What you should copy is the line containing "107 108 109" and all lines after it in the entries below, exactly and without anything added.

:: MATERIAL PROVIDED

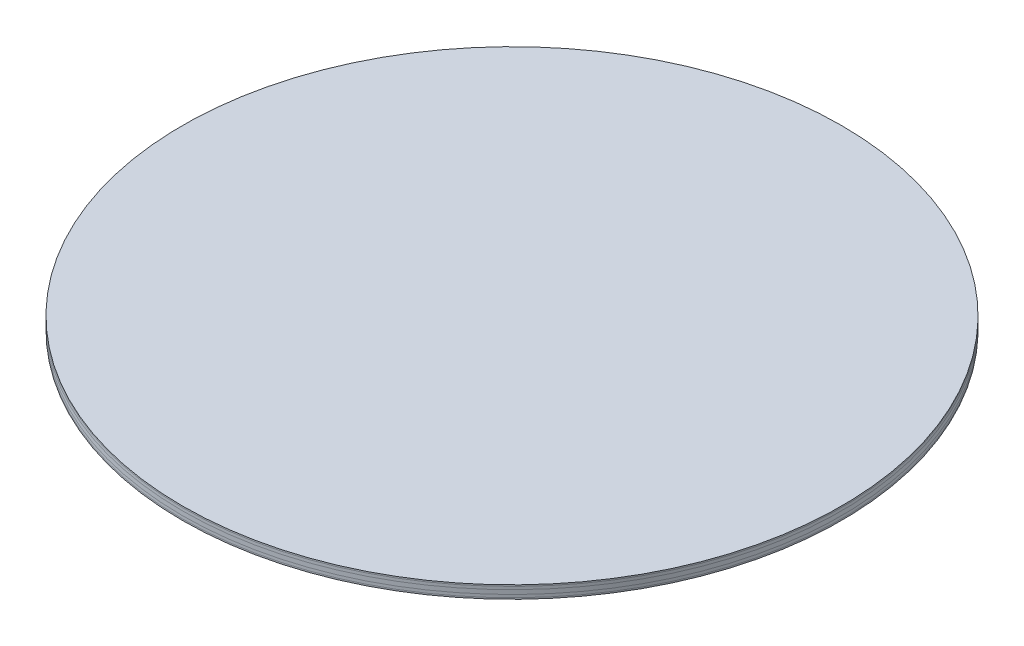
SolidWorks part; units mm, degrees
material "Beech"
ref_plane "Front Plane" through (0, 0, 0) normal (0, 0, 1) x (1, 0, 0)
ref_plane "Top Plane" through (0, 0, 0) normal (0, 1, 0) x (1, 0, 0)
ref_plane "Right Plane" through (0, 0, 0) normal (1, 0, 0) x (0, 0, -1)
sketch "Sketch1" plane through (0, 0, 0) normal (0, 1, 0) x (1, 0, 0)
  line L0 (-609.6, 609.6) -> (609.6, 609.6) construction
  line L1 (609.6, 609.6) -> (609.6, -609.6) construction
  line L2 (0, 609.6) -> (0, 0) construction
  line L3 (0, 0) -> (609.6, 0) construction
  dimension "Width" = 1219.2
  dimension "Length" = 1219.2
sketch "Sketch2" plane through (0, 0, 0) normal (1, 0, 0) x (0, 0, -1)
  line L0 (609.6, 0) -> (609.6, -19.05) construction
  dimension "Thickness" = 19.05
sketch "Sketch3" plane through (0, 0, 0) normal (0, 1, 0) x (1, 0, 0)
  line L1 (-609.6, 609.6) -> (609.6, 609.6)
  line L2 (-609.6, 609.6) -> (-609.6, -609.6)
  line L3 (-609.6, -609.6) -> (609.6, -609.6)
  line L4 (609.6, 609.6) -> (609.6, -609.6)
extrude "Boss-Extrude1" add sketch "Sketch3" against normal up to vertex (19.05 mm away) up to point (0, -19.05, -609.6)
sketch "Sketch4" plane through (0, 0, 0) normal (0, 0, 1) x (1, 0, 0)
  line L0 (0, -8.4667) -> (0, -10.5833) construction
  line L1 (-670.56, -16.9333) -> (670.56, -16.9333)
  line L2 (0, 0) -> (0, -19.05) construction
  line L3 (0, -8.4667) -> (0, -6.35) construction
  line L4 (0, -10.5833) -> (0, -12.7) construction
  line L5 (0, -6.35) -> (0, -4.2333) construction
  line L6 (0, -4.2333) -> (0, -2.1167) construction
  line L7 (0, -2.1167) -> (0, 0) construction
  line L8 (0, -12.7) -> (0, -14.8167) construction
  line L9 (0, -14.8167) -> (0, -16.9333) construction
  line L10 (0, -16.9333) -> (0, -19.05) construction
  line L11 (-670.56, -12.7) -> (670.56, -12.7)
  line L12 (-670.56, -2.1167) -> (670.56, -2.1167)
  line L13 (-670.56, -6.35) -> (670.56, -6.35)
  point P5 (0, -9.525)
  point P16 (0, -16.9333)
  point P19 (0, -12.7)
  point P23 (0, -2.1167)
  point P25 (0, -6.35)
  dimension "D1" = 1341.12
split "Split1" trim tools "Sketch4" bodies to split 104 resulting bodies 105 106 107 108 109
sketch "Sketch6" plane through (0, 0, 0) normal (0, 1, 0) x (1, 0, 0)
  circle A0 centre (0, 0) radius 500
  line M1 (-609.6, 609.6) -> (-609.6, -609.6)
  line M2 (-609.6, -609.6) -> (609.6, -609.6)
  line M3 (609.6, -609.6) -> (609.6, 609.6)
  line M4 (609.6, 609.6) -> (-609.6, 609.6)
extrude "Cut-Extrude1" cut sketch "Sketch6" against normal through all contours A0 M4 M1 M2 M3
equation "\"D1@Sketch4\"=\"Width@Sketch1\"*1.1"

::::

ANSWER SECTION =
split "Split1" trim tools "Sketch4" bodies to split 104 resulting bodies 105 106 107 108 109
sketch "Sketch6" plane through (0, 0, 0) normal (0, 1, 0) x (1, 0, 0)
  circle A0 centre (0, 0) radius 500
  line M1 (-609.6, 609.6) -> (-609.6, -609.6)
  line M2 (-609.6, -609.6) -> (609.6, -609.6)
  line M3 (609.6, -609.6) -> (609.6, 609.6)
  line M4 (609.6, 609.6) -> (-609.6, 609.6)
extrude "Cut-Extrude1" cut sketch "Sketch6" against normal through all contours A0 M4 M1 M2 M3
equation "\"D1@Sketch4\"=\"Width@Sketch1\"*1.1"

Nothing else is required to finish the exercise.